Outlier detection with Local Outlier Factor
===========================================
Shows the use of the Local Outlier Factor to detect outliers in the octane
dataset.
"""
# Author: Pablo Marcos Manchón
# License: MIT
# sphinx_gallery_thumbnail_number = 2
import matplotlib.pyplot as plt
from skfda.datasets import fetch_octane
from skfda.exploratory.outliers import LocalOutlierFactor
##############################################################################
# First, we load the *octane dataset* consisting of 39 near infrared
# (NIR) spectra of gasoline samples, with wavelengths ranging from 1102nm to
# 1552nm with measurements every two nm.
#
# This dataset contains six outliers, studied in [RDEH2006]_ and [HuRS2015]_,
# to which ethanol was added. This different
# composition has an effect on the shape of the spectra of gasoline samples.
#
fd, labels = fetch_octane(return_X_y=True)
fd.plot()
##############################################################################
# :class:`~skfda.exploratory.outliers.LocalOutlierFactor`
# (`LOF <https://en.wikipedia.org/wiki/Local_outlier_factor>`_), based on
# the local density of the curves as described in [BKNS2000]_, may be used to
# detect these outliers.
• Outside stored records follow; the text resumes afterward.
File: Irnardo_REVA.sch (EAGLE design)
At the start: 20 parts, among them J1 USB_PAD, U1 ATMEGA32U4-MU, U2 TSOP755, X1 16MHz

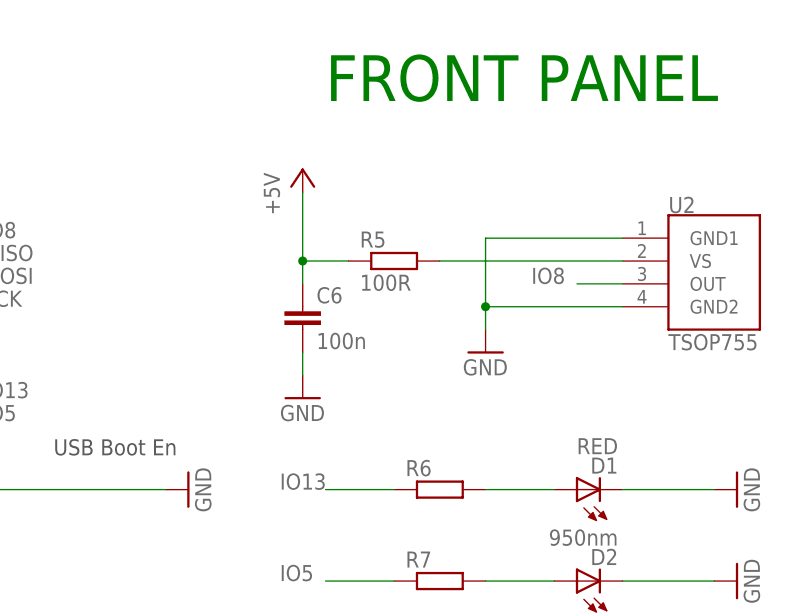
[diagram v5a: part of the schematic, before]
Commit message: Fix de-couple cap on IR receiver
C6 de-coupling U2 was wrong side of R5.
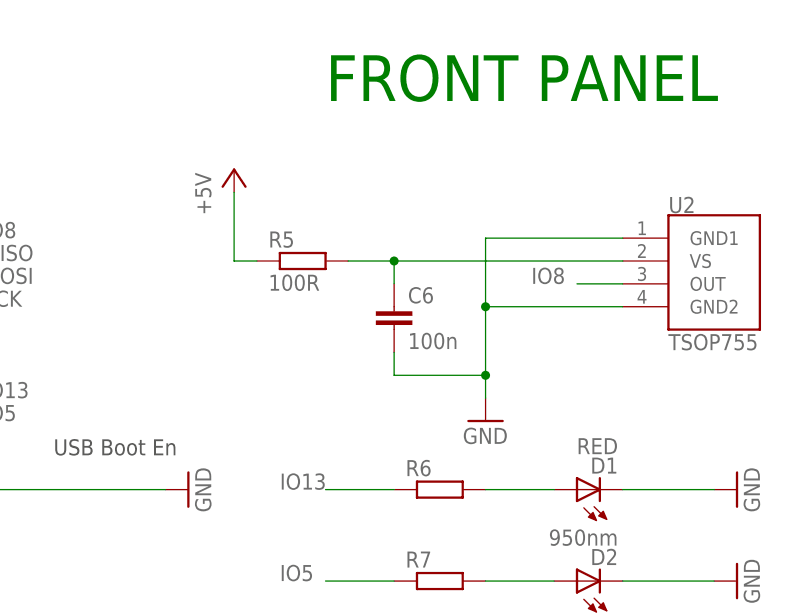
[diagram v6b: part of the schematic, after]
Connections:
- net +5V: no longer C6.1
- net N$5: now also C6.1
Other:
- moved on the sheet: C6, R5
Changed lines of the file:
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@@
 <?xml version="1.0" encoding="utf-8"?>
 <!DOCTYPE eagle SYSTEM "eagle.dtd">
-<eagle version="6.4">
+<eagle version="6.5.0">
 <drawing>
 <settings>
@@
 <part name="C6" library="resistor" deviceset="C-EU" device="C0402" value="100n"/>
 <part name="P+4" library="supply1" deviceset="+5V" device=""/>
-<part name="GND7" library="supply1" deviceset="GND" device=""/>
 <part name="R5" library="resistor" deviceset="R-EU_" device="R0402" value="100R"/>
 <part name="GND8" library="supply1" deviceset="GND" device=""/>
@@
 <instance part="C5" gate="G$1" x="2.54" y="22.86" rot="R270"/>
 <instance part="U2" gate="G$1" x="231.14" y="88.9"/>
-<instance part="C6" gate="G$1" x="182.88" y="91.44"/>
-<instance part="P+4" gate="1" x="182.88" y="106.68"/>
-<instance part="GND7" gate="1" x="182.88" y="81.28"/>
-<instance part="R5" gate="G$1" x="193.04" y="96.52"/>
-<instance part="GND8" gate="1" x="203.2" y="86.36"/>
+<instance part="C6" gate="G$1" x="193.04" y="91.44"/>
+<instance part="P+4" gate="1" x="175.26" y="106.68"/>
+<instance part="R5" gate="G$1" x="182.88" y="96.52"/>
+<instance part="GND8" gate="1" x="203.2" y="78.74"/>
 <instance part="R6" gate="G$1" x="198.12" y="71.12"/>
 <instance part="D1" gate="G$1" x="213.36" y="71.12" rot="R90"/>
@@
 <segment>
 <pinref part="P+4" gate="1" pin="+5V"/>
-<wire x1="182.88" y1="104.14" x2="182.88" y2="96.52" width="0.1524" layer="91"/>
+<wire x1="175.26" y1="104.14" x2="175.26" y2="96.52" width="0.1524" layer="91"/>
+<wire x1="175.26" y1="96.52" x2="177.8" y2="96.52" width="0.1524" layer="91"/>
 <pinref part="R5" gate="G$1" pin="1"/>
-<wire x1="182.88" y1="96.52" x2="187.96" y2="96.52" width="0.1524" layer="91"/>
-<pinref part="C6" gate="G$1" pin="1"/>
-<wire x1="182.88" y1="93.98" x2="182.88" y2="96.52" width="0.1524" layer="91"/>
-<junction x="182.88" y="96.52"/>
 </segment>
 <segment>
@@
 </segment>
 <segment>
-<pinref part="GND7" gate="1" pin="GND"/>
-<pinref part="C6" gate="G$1" pin="2"/>
-<wire x1="182.88" y1="83.82" x2="182.88" y2="86.36" width="0.1524" layer="91"/>
-</segment>
-<segment>
 <pinref part="U2" gate="G$1" pin="GND1"/>
 <wire x1="218.44" y1="99.06" x2="203.2" y2="99.06" width="0.1524" layer="91"/>
@@
 <pinref part="U2" gate="G$1" pin="GND2"/>
 <wire x1="203.2" y1="91.44" x2="218.44" y2="91.44" width="0.1524" layer="91"/>
-<wire x1="203.2" y1="91.44" x2="203.2" y2="88.9" width="0.1524" layer="91"/>
+<wire x1="203.2" y1="91.44" x2="203.2" y2="83.82" width="0.1524" layer="91"/>
 <pinref part="GND8" gate="1" pin="GND"/>
 <junction x="203.2" y="91.44"/>
+<pinref part="C6" gate="G$1" pin="2"/>
+<wire x1="203.2" y1="83.82" x2="203.2" y2="81.28" width="0.1524" layer="91"/>
+<wire x1="193.04" y1="86.36" x2="193.04" y2="83.82" width="0.1524" layer="91"/>
+<wire x1="193.04" y1="83.82" x2="203.2" y2="83.82" width="0.1524" layer="91"/>
+<junction x="203.2" y="83.82"/>
 </segment>
 <segment>
@@
 <pinref part="R5" gate="G$1" pin="2"/>
 <pinref part="U2" gate="G$1" pin="VS"/>
-<wire x1="198.12" y1="96.52" x2="218.44" y2="96.52" width="0.1524" layer="91"/>
-</segment>
-</net>
+<wire x1="187.96" y1="96.52" x2="193.04" y2="96.52" width="0.1524" layer="91"/>
+<pinref part="C6" gate="G$1" pin="1"/>
+<wire x1="193.04" y1="96.52" x2="218.44" y2="96.52" width="0.1524" layer="91"/>
+<wire x1="193.04" y1="93.98" x2="193.04" y2="96.52" width="0.1524" layer="91"/>
+<junction x="193.04" y="96.52"/>
+</segment>
+</net>

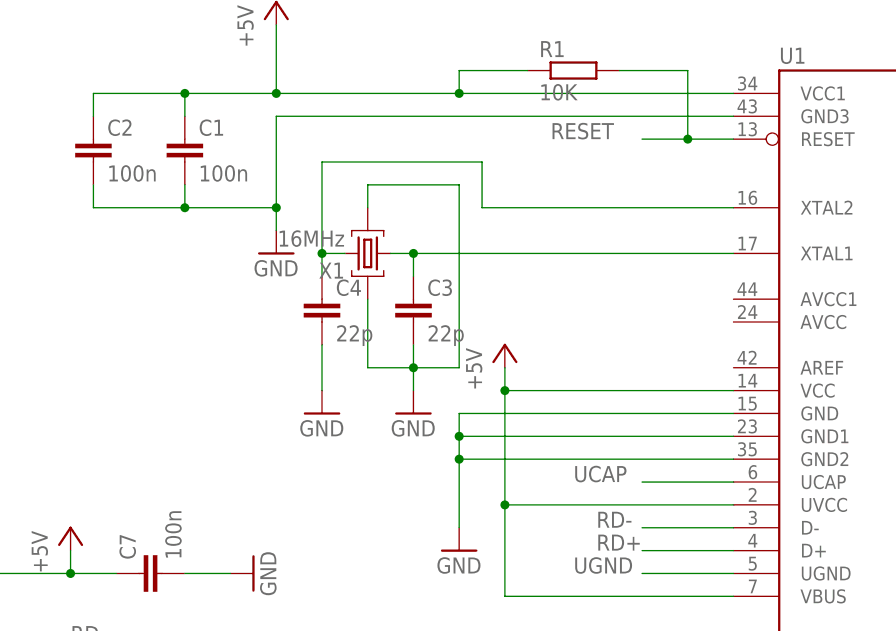
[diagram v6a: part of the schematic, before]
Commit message: Swap XTAL for 2.5x2mm model
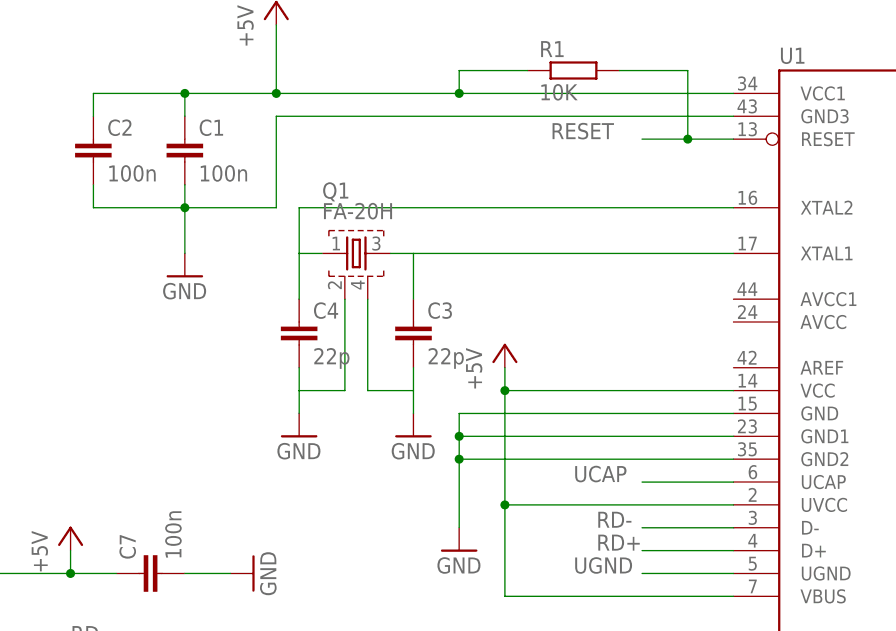
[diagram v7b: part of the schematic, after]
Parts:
- removed X1: 16MHz, Arduino_Leonardo-REV3b:SMARTPRJ_CRYSTAL-3.2-2.5
- added Q1: FA-20H, crystal:FA-20H
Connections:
- net GND: now also Q1.2, Q1.4; no longer X1.GND@1, X1.GND@2
- net N$1: now also C4.1, Q1.1, U1.XTAL2; no longer C3.1, U1.XTAL1, X1.C1
- net N$2: now also C3.1, Q1.3, U1.XTAL1; no longer C4.1, U1.XTAL2, X1.C2
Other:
- moved on the sheet: C3, C4
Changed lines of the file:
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@@
 <part name="GND3" library="supply1" deviceset="GND" device=""/>
 <part name="GND4" library="supply1" deviceset="GND" device=""/>
-<part name="X1" library="Arduino_Leonardo-REV3b" deviceset="SMARTPRJ_CRYSTAL-3.2-2.5" device="" value="16MHz"/>
 <part name="C3" library="resistor" deviceset="C-EU" device="C0402" value="22p"/>
 <part name="C4" library="resistor" deviceset="C-EU" device="C0402" value="22p"/>
@@
 <part name="GND13" library="supply1" deviceset="GND" device=""/>
 <part name="J1" library="USB_PAD" deviceset="USB_PAD" device=""/>
+<part name="Q1" library="crystal" deviceset="FA-" device="20H"/>
 </parts>
 <sheets>
@@
 <instance part="U1" gate="G$1" x="101.6" y="83.82"/>
 <instance part="P+1" gate="1" x="25.4" y="116.84"/>
-<instance part="GND1" gate="1" x="25.4" y="88.9"/>
+<instance part="GND1" gate="1" x="15.24" y="86.36"/>
 <instance part="R1" gate="G$1" x="58.42" y="109.22"/>
 <instance part="C1" gate="G$1" x="15.24" y="101.6"/>
@@
 <instance part="GND3" gate="1" x="45.72" y="55.88"/>
 <instance part="GND4" gate="1" x="68.58" y="25.4"/>
-<instance part="X1" gate="G$1" x="35.56" y="88.9" rot="R180"/>
-<instance part="C3" gate="G$1" x="40.64" y="83.82"/>
-<instance part="C4" gate="G$1" x="30.48" y="83.82"/>
-<instance part="GND2" gate="1" x="40.64" y="71.12"/>
+<instance part="C3" gate="G$1" x="40.64" y="81.28"/>
+<instance part="C4" gate="G$1" x="27.94" y="81.28"/>
+<instance part="GND2" gate="1" x="40.64" y="68.58"/>
 <instance part="C2" gate="G$1" x="5.08" y="101.6"/>
-<instance part="GND5" gate="1" x="30.48" y="71.12"/>
+<instance part="GND5" gate="1" x="27.94" y="68.58"/>
 <instance part="R3" gate="G$1" x="-12.7" y="45.72"/>
 <instance part="R4" gate="G$1" x="-12.7" y="38.1"/>
@@
 <instance part="GND13" gate="1" x="215.9" y="12.7"/>
 <instance part="J1" gate="G$1" x="-33.02" y="43.18"/>
+<instance part="Q1" gate="G$1" x="33.02" y="88.9"/>
 </instances>
 <busses>
@@
 <net name="GND" class="0">
 <segment>
-<pinref part="U1" gate="G$1" pin="GND3"/>
-<pinref part="GND1" gate="1" pin="GND"/>
-<wire x1="76.2" y1="104.14" x2="25.4" y2="104.14" width="0.1524" layer="91"/>
-<pinref part="C1" gate="G$1" pin="2"/>
-<wire x1="25.4" y1="104.14" x2="25.4" y2="93.98" width="0.1524" layer="91"/>
-<wire x1="25.4" y1="93.98" x2="25.4" y2="91.44" width="0.1524" layer="91"/>
-<wire x1="15.24" y1="96.52" x2="15.24" y2="93.98" width="0.1524" layer="91"/>
-<wire x1="15.24" y1="93.98" x2="25.4" y2="93.98" width="0.1524" layer="91"/>
-<junction x="25.4" y="93.98"/>
-<pinref part="C2" gate="G$1" pin="2"/>
-<wire x1="5.08" y1="96.52" x2="5.08" y2="93.98" width="0.1524" layer="91"/>
-<wire x1="5.08" y1="93.98" x2="15.24" y2="93.98" width="0.1524" layer="91"/>
-<junction x="15.24" y="93.98"/>
-</segment>
-<segment>
 <pinref part="GND3" gate="1" pin="GND"/>
 <wire x1="45.72" y1="71.12" x2="45.72" y2="68.58" width="0.1524" layer="91"/>
@@
 <pinref part="GND2" gate="1" pin="GND"/>
 <pinref part="C3" gate="G$1" pin="2"/>
-<wire x1="40.64" y1="78.74" x2="40.64" y2="76.2" width="0.1524" layer="91"/>
-<pinref part="X1" gate="G$1" pin="GND@2"/>
 <wire x1="40.64" y1="76.2" x2="40.64" y2="73.66" width="0.1524" layer="91"/>
-<wire x1="35.56" y1="83.82" x2="35.56" y2="76.2" width="0.1524" layer="91"/>
-<wire x1="35.56" y1="76.2" x2="40.64" y2="76.2" width="0.1524" layer="91"/>
-<wire x1="40.64" y1="76.2" x2="45.72" y2="76.2" width="0.1524" layer="91"/>
-<wire x1="45.72" y1="76.2" x2="45.72" y2="96.52" width="0.1524" layer="91"/>
-<wire x1="45.72" y1="96.52" x2="35.56" y2="96.52" width="0.1524" layer="91"/>
-<pinref part="X1" gate="G$1" pin="GND@1"/>
-<wire x1="35.56" y1="96.52" x2="35.56" y2="93.98" width="0.1524" layer="91"/>
-<junction x="40.64" y="76.2"/>
+<pinref part="Q1" gate="G$1" pin="4"/>
+<wire x1="40.64" y1="73.66" x2="40.64" y2="71.12" width="0.1524" layer="91"/>
+<wire x1="35.56" y1="83.82" x2="35.56" y2="73.66" width="0.1524" layer="91"/>
+<wire x1="35.56" y1="73.66" x2="40.64" y2="73.66" width="0.1524" layer="91"/>
 </segment>
 <segment>
 <pinref part="C4" gate="G$1" pin="2"/>
-<wire x1="30.48" y1="78.74" x2="30.48" y2="73.66" width="0.1524" layer="91"/>
+<wire x1="27.94" y1="76.2" x2="27.94" y2="73.66" width="0.1524" layer="91"/>
 <pinref part="GND5" gate="1" pin="GND"/>
+<pinref part="Q1" gate="G$1" pin="2"/>
+<wire x1="27.94" y1="73.66" x2="27.94" y2="71.12" width="0.1524" layer="91"/>
+<wire x1="33.02" y1="83.82" x2="33.02" y2="73.66" width="0.1524" layer="91"/>
+<wire x1="33.02" y1="73.66" x2="27.94" y2="73.66" width="0.1524" layer="91"/>
 </segment>
 <segment>
@@
 <wire x1="215.9" y1="22.86" x2="215.9" y2="15.24" width="0.1524" layer="91"/>
 </segment>
+<segment>
+<pinref part="U1" gate="G$1" pin="GND3"/>
+<wire x1="76.2" y1="104.14" x2="25.4" y2="104.14" width="0.1524" layer="91"/>
+<pinref part="C1" gate="G$1" pin="2"/>
+<wire x1="25.4" y1="104.14" x2="25.4" y2="93.98" width="0.1524" layer="91"/>
+<wire x1="15.24" y1="96.52" x2="15.24" y2="93.98" width="0.1524" layer="91"/>
+<wire x1="15.24" y1="93.98" x2="25.4" y2="93.98" width="0.1524" layer="91"/>
+<pinref part="C2" gate="G$1" pin="2"/>
+<wire x1="5.08" y1="96.52" x2="5.08" y2="93.98" width="0.1524" layer="91"/>
+<wire x1="5.08" y1="93.98" x2="15.24" y2="93.98" width="0.1524" layer="91"/>
+<junction x="15.24" y="93.98"/>
+<pinref part="GND1" gate="1" pin="GND"/>
+<wire x1="15.24" y1="88.9" x2="15.24" y2="93.98" width="0.1524" layer="91"/>
+</segment>
 </net>
 <net name="RESET" class="0">
@@
 <wire x1="172.72" y1="22.86" x2="162.56" y2="22.86" width="0.1524" layer="91"/>
 <label x="152.4" y="22.86" size="1.778" layer="95"/>
-</segment>
-</net>
-<net name="N$1" class="0">
-<segment>
-<pinref part="U1" gate="G$1" pin="XTAL1"/>
-<pinref part="X1" gate="G$1" pin="C1"/>
-<wire x1="76.2" y1="88.9" x2="40.64" y2="88.9" width="0.1524" layer="91"/>
-<pinref part="C3" gate="G$1" pin="1"/>
-<wire x1="40.64" y1="88.9" x2="38.1" y2="88.9" width="0.1524" layer="91"/>
-<wire x1="40.64" y1="86.36" x2="40.64" y2="88.9" width="0.1524" layer="91"/>
-<junction x="40.64" y="88.9"/>
-</segment>
-</net>
-<net name="N$2" class="0">
-<segment>
-<pinref part="U1" gate="G$1" pin="XTAL2"/>
-<wire x1="76.2" y1="93.98" x2="48.26" y2="93.98" width="0.1524" layer="91"/>
-<wire x1="48.26" y1="93.98" x2="48.26" y2="99.06" width="0.1524" layer="91"/>
-<wire x1="48.26" y1="99.06" x2="30.48" y2="99.06" width="0.1524" layer="91"/>
-<wire x1="30.48" y1="99.06" x2="30.48" y2="88.9" width="0.1524" layer="91"/>
-<pinref part="X1" gate="G$1" pin="C2"/>
-<pinref part="C4" gate="G$1" pin="1"/>
-<wire x1="30.48" y1="88.9" x2="33.02" y2="88.9" width="0.1524" layer="91"/>
-<wire x1="30.48" y1="86.36" x2="30.48" y2="88.9" width="0.1524" layer="91"/>
-<junction x="30.48" y="88.9"/>
 </segment>
 </net>
@@
 </segment>
 </net>
+<net name="N$1" class="0">
+<segment>
+<pinref part="U1" gate="G$1" pin="XTAL2"/>
+<wire x1="76.2" y1="93.98" x2="27.94" y2="93.98" width="0.1524" layer="91"/>
+<wire x1="27.94" y1="93.98" x2="27.94" y2="88.9" width="0.1524" layer="91"/>
+<pinref part="Q1" gate="G$1" pin="1"/>
+<wire x1="27.94" y1="88.9" x2="30.48" y2="88.9" width="0.1524" layer="91"/>
+<pinref part="C4" gate="G$1" pin="1"/>
+<wire x1="27.94" y1="83.82" x2="27.94" y2="88.9" width="0.1524" layer="91"/>
+</segment>
+</net>
+<net name="N$2" class="0">
+<segment>
+<pinref part="C3" gate="G$1" pin="1"/>
+<wire x1="40.64" y1="83.82" x2="40.64" y2="88.9" width="0.1524" layer="91"/>
+<pinref part="Q1" gate="G$1" pin="3"/>
+<wire x1="40.64" y1="88.9" x2="38.1" y2="88.9" width="0.1524" layer="91"/>
+<pinref part="U1" gate="G$1" pin="XTAL1"/>
+<wire x1="40.64" y1="88.9" x2="76.2" y2="88.9" width="0.1524" layer="91"/>
+</segment>
+</net>

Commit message: Move a trace a little
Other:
- note removed: "ICSP"
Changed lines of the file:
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@@
 <?xml version="1.0" encoding="utf-8"?>
 <!DOCTYPE eagle SYSTEM "eagle.dtd">
-<eagle version="6.5.0">
+<eagle version="6.4">
 <drawing>
 <settings>
@@
 <part name="C7" library="resistor" deviceset="C-EU" device="C0402" value="100n"/>
 <part name="GND12" library="supply1" deviceset="GND" device=""/>
-<part name="P+5" library="supply1" deviceset="+5V" device=""/>
-<part name="GND13" library="supply1" deviceset="GND" device=""/>
 <part name="J1" library="USB_PAD" deviceset="USB_PAD" device=""/>
 <part name="Q1" library="crystal" deviceset="FA-" device="20H"/>
@@
 <text x="-33.02" y="132.08" size="5.08" layer="91">REVA</text>
 <text x="167.64" y="-12.7" size="5.08" layer="91">© 2014 - Bracken Dawson</text>
-<text x="175.26" y="38.1" size="5.08" layer="91">ICSP</text>
 </plain>
 <instances>
@@
 <instance part="C7" gate="G$1" x="10.16" y="53.34" rot="R90"/>
 <instance part="GND12" gate="1" x="22.86" y="53.34" rot="R90"/>
-<instance part="P+5" gate="1" x="215.9" y="38.1"/>
-<instance part="GND13" gate="1" x="215.9" y="12.7"/>
 <instance part="J1" gate="G$1" x="-33.02" y="43.18"/>
 <instance part="Q1" gate="G$1" x="33.02" y="88.9"/>
@@
 <pinref part="R5" gate="G$1" pin="1"/>
 </segment>
-<segment>
-<pinref part="P+5" gate="1" pin="+5V"/>
-<wire x1="203.2" y1="27.94" x2="215.9" y2="27.94" width="0.1524" layer="91"/>
-<wire x1="215.9" y1="27.94" x2="215.9" y2="35.56" width="0.1524" layer="91"/>
-</segment>
 </net>
 <net name="GND" class="0">
@@
 </segment>
 <segment>
-<wire x1="203.2" y1="22.86" x2="215.9" y2="22.86" width="0.1524" layer="91"/>
-<pinref part="GND13" gate="1" pin="GND"/>
-<wire x1="215.9" y1="22.86" x2="215.9" y2="15.24" width="0.1524" layer="91"/>
-</segment>
-<segment>
 <pinref part="U1" gate="G$1" pin="GND3"/>
 <wire x1="76.2" y1="104.14" x2="25.4" y2="104.14" width="0.1524" layer="91"/>
@@
 <label x="55.88" y="101.6" size="1.778" layer="95"/>
 </segment>
-<segment>
-<wire x1="172.72" y1="22.86" x2="162.56" y2="22.86" width="0.1524" layer="91"/>
-<label x="152.4" y="22.86" size="1.778" layer="95"/>
-</segment>
 </net>
 <net name="RD-" class="0">
@@
 <label x="147.32" y="96.52" size="1.778" layer="95"/>
 </segment>
-<segment>
-<wire x1="172.72" y1="27.94" x2="162.56" y2="27.94" width="0.1524" layer="91"/>
-<label x="154.94" y="27.94" size="1.778" layer="95"/>
-</segment>
 </net>
 <net name="SCK" class="0">
@@
 <label x="147.32" y="91.44" size="1.778" layer="95"/>
 </segment>
-<segment>
-<wire x1="172.72" y1="25.4" x2="162.56" y2="25.4" width="0.1524" layer="91"/>
-<label x="154.94" y="25.4" size="1.778" layer="95"/>
-</segment>
 </net>
 <net name="MOSI" class="0">
@@
 <label x="147.32" y="93.98" size="1.778" layer="95"/>
 </segment>
-<segment>
-<wire x1="203.2" y1="25.4" x2="215.9" y2="25.4" width="0.1524" layer="91"/>
-<label x="215.9" y="25.4" size="1.778" layer="95"/>
-</segment>
-</net>
+</net>

In order to get the results the
# :meth:`~skfda.exploratory.outliers.LocalOutlierFactor.fit_predict`
# method is used.
#
lof = LocalOutlierFactor()
is_outlier = lof.fit_predict(fd)
print(is_outlier) # 1 for inliners / -1 for outliers
##############################################################################
# The curves detected as outliers correspond to the samples to which
# ethanol was added.
#
# TODO: Use one hot encoding internally to allow arbitrary sample_labels
is_outlier[is_outlier == -1] = 0
fd.plot(sample_labels=is_outlier, label_colors=['darkorange', 'lightgrey'],
label_names=["outlier", "inliner"])
##############################################################################
# .. rubric:: References
# .. [RDEH2006] Rousseeuw, Peter & Debruyne, Michiel & Engelen, Sanne &
# Hubert, Mia. (2006). Robustness and Outlier Detection in
# Chemometrics. Critical Reviews in Analytical Chemistry. 36.
# 221-242. 10.1080/10408340600969403.
# .. [HuRS2015] Hubert, Mia & Rousseeuw, Peter & Segaert, Pieter. (2015).
# Multivariate functional outlier detection. Statistical Methods and
# Applications. 24. 177-202. 10.1007/s10260-015-0297-8.
# .. [BKNS2000] Breunig, M. M., Kriegel, H. P., Ng, R. T., & Sander,
# J. (2000, May). LOF: identifying density-based local outliers. In ACM
# sigmod record.
plt.show()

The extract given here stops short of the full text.